We leren Melanie kennen wanneer ze klaargemaakt wordt voor de klas. Twee gewapende mannen houden haar onder schot terwijl een andere haar een soort van muilkorf voordoet, handen, armen, benen en voeten vastzet. Daarna wordt ze naar de klas gereden in een rolstoel. Ze krijgt les van juf Justineau. Melanie is niet dom, leergierig en nieuwsgierig. Ze houdt van juf Justineau en kan zich niet voorstellen dat ze haar juf ooit iest zou aandoen.
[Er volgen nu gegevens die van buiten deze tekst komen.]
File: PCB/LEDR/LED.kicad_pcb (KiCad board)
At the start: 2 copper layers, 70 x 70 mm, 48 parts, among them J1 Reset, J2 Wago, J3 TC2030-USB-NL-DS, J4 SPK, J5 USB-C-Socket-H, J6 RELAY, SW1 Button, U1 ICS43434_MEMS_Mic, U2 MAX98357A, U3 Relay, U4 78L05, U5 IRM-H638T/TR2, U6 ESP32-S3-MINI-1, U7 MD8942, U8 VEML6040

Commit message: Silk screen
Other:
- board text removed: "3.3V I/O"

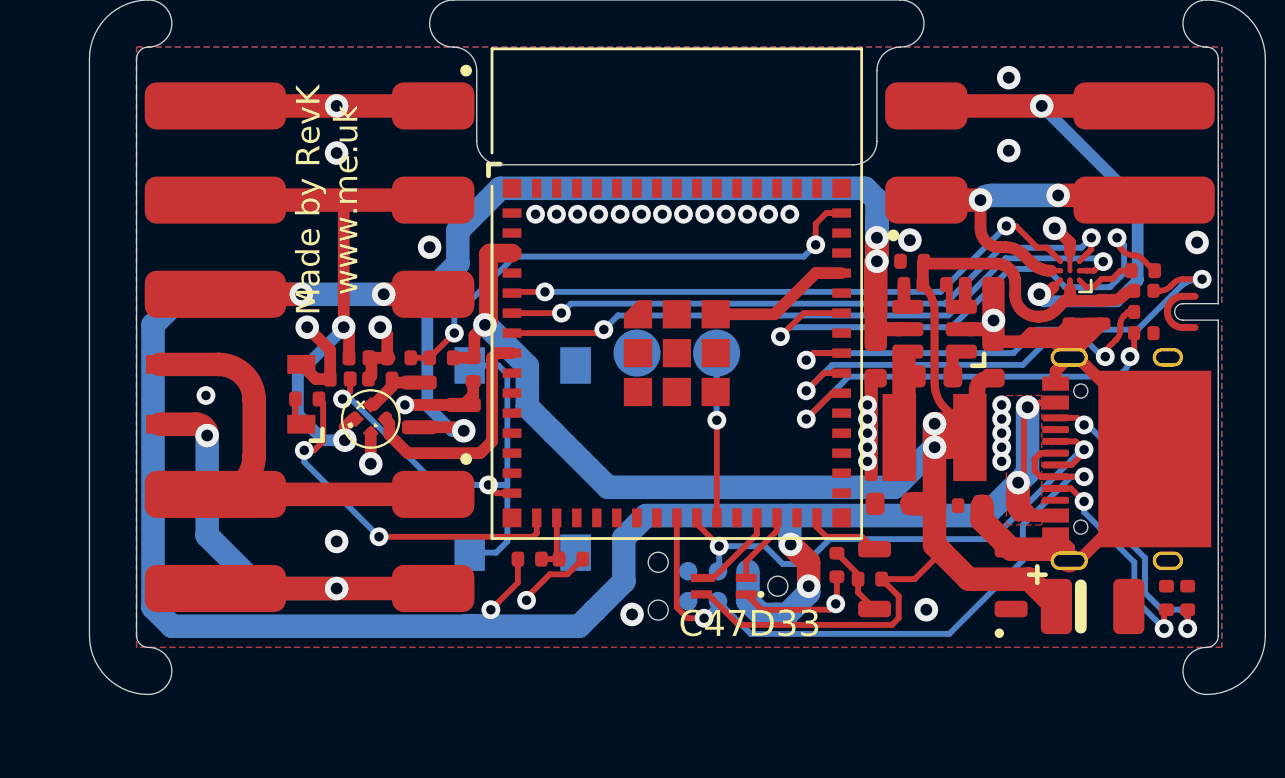
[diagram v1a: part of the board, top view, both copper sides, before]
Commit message: Changed relay logic
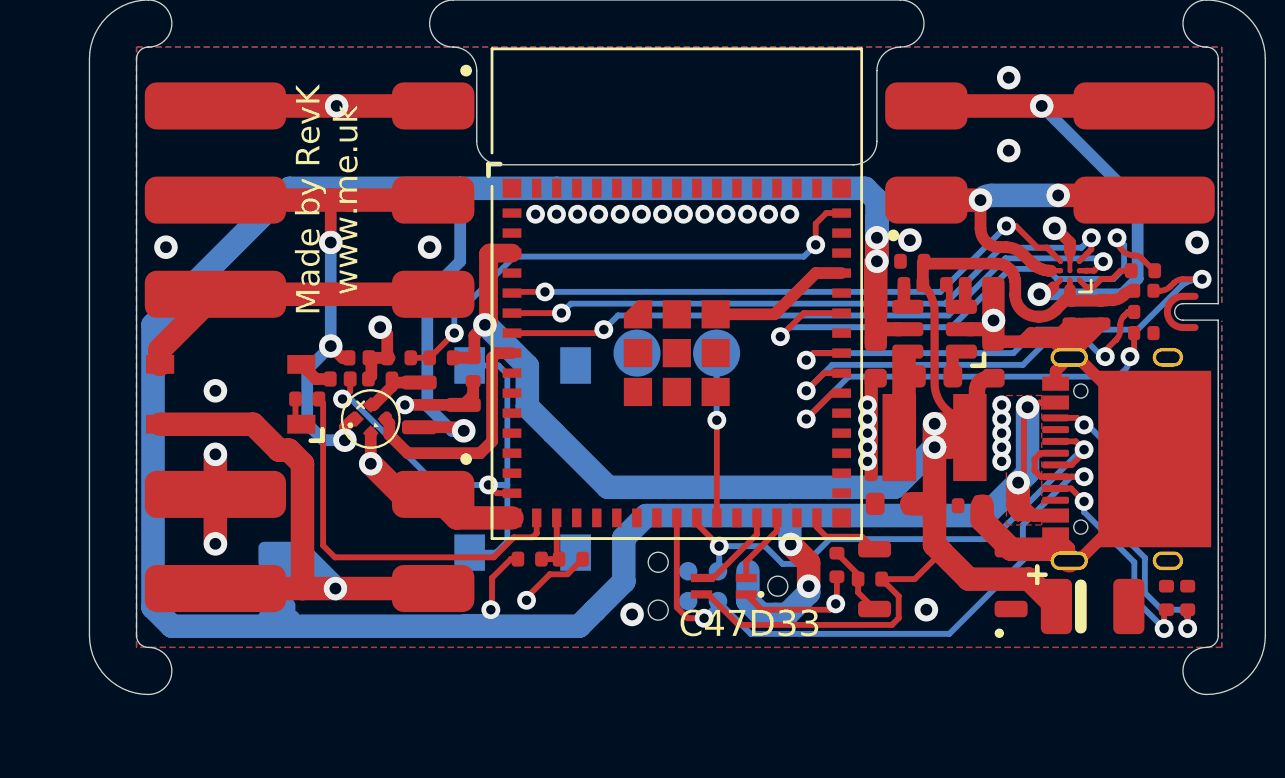
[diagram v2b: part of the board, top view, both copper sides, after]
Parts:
- added JP1: PWR, RevK:Pad_1206_0805_Bridged, B.Cu at (83.1, 105.5)
- J2: value Wago -> LED
- J6: value RELAY -> Power
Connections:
- J2 pad 3: DC -> Net-(J2-Pin_3)
- J6 pad 1: Net-(J6-Pin_1) -> GND
- U3 pad 3: Net-(J6-Pin_1) -> Net-(J2-Pin_3)
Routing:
- net Net-(J6-Pin_1): track 18.9 -> 0.00 mm
- net Net-(J2-Pin_3): track 0.00 -> 13.2 mm
- net LED2: track 33.3 -> 23.1 mm, vias 2 -> 3
- net GND: track 76.1 -> 84.3 mm
- net Net-(J6-Pin_2): track 22.2 -> 24.3 mm, vias 2 -> 1
- net RELAY: track 15.2 -> 16.7 mm, vias 2 -> 0
- net DC: track 135.4 -> 134.1 mm, vias 10 -> 8
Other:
- board text added: "EXTERNAL"
- board text added: "SWITCHED"
- board text added: "USB"

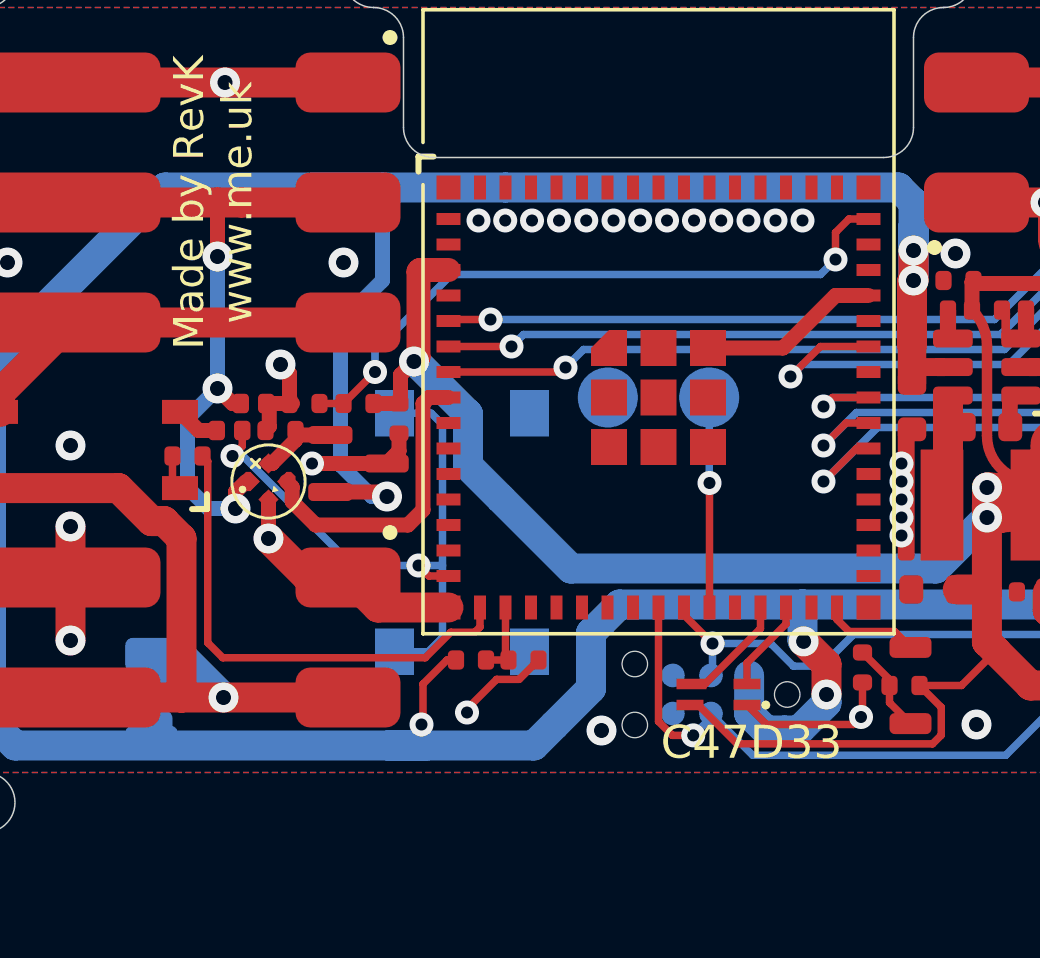
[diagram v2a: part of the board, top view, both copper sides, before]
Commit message: Changed so no level shifter as forces RGB not RGBW
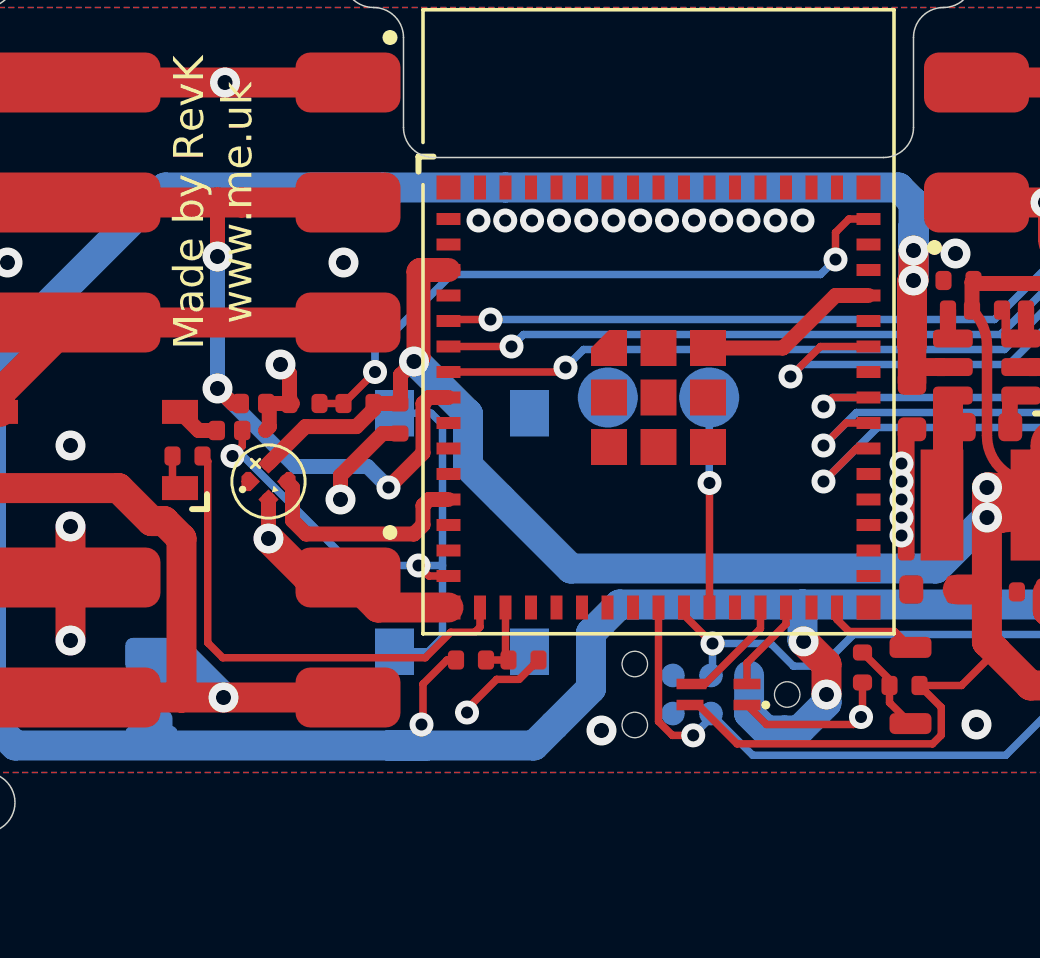
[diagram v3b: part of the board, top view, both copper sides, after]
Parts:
- removed C15: 100nF, RevK:C_0402
- removed U4: 78L05, RevK:SOT-23
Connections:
- D1 pad 1: LED2 -> unconnected-(D1-O-Pad1)_1
- D1 pad 2: Net-(D1-+) -> +3V3
- U6 pad 12: unconnected-(U6-GPIO8-Pad12) -> LED1
- U6 pad 8: LED1 -> LED2
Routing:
- net DC: track 134.1 -> 120.4 mm, vias 8 -> 7
- net LED2: track 23.1 -> 27.7 mm
- net +3V3: track 75.3 -> 79.8 mm
- net Net-(D1-+): track 2.77 -> 0.00 mm
- net LED1: track 10.1 -> 7.63 mm
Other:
- board text added: "5V- 35V"
- board text added: "8"
- board text added: "I/O 3.3V"

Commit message: Tidy
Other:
- board text added: "QRQR"

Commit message: Started on new coaster
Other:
- board text removed: "QRQR"

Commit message: Name
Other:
- board text added: "LED"
- board text added: "USB ONLY IF NOT EXTERNAL POWER"
- board text removed: "USB ONLY IF NOT EXTERFNAL POWER"

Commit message: New image files
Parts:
- removed REF**: Shadow, RevK:Shadow
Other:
- copper layers 2 -> 4

We zijn in Groot-Brittannnië, zowat twintig jaar nadat een schimmel Ophiocordyceps overgesprongen is naar de mens en daar een bloedbad aangericht heeft. De enige overlevenden zijn of gewone mensen die niet besmet zijn, of hongerigen. Deze laatste zijn besmet en overleven op mensenvlees. Ze jagen op de niet-besmetten, kunnen erg snel lopen en kunnen dat bovendien ook nog eens lang volhouden.
Melanie is besmet. Ze is een onderzoeksobject.
Dit boek is echt iets voor fans van Stephen King, de hele tijd moest ik aan King denken omdat hij dit zomaar geschreven kon hebben. Het leest vlot, de wetenschappelijke uitleg voor de ziekte is zeker aanvaardbaar, het kan zomaar zijn en wordt niet ingewikkeld uitgelegd. Het is een verhaal over overleven, elkaar vertrouwen of juist niet en van een heel speciaal meisje dat door allerlei emoties gaat, maar toch de hele tijd probeert het goede te doen, zelfs al is dat niet het beste voor haar, een heel apart bijzonder meisje.
Ik vond het een topboek en had deze tip gekregen van Anne Oerlemans op Hebban.nl. Het is het tweede boek van de drie die ze me getipt had en de tweede keer een schot in de roos.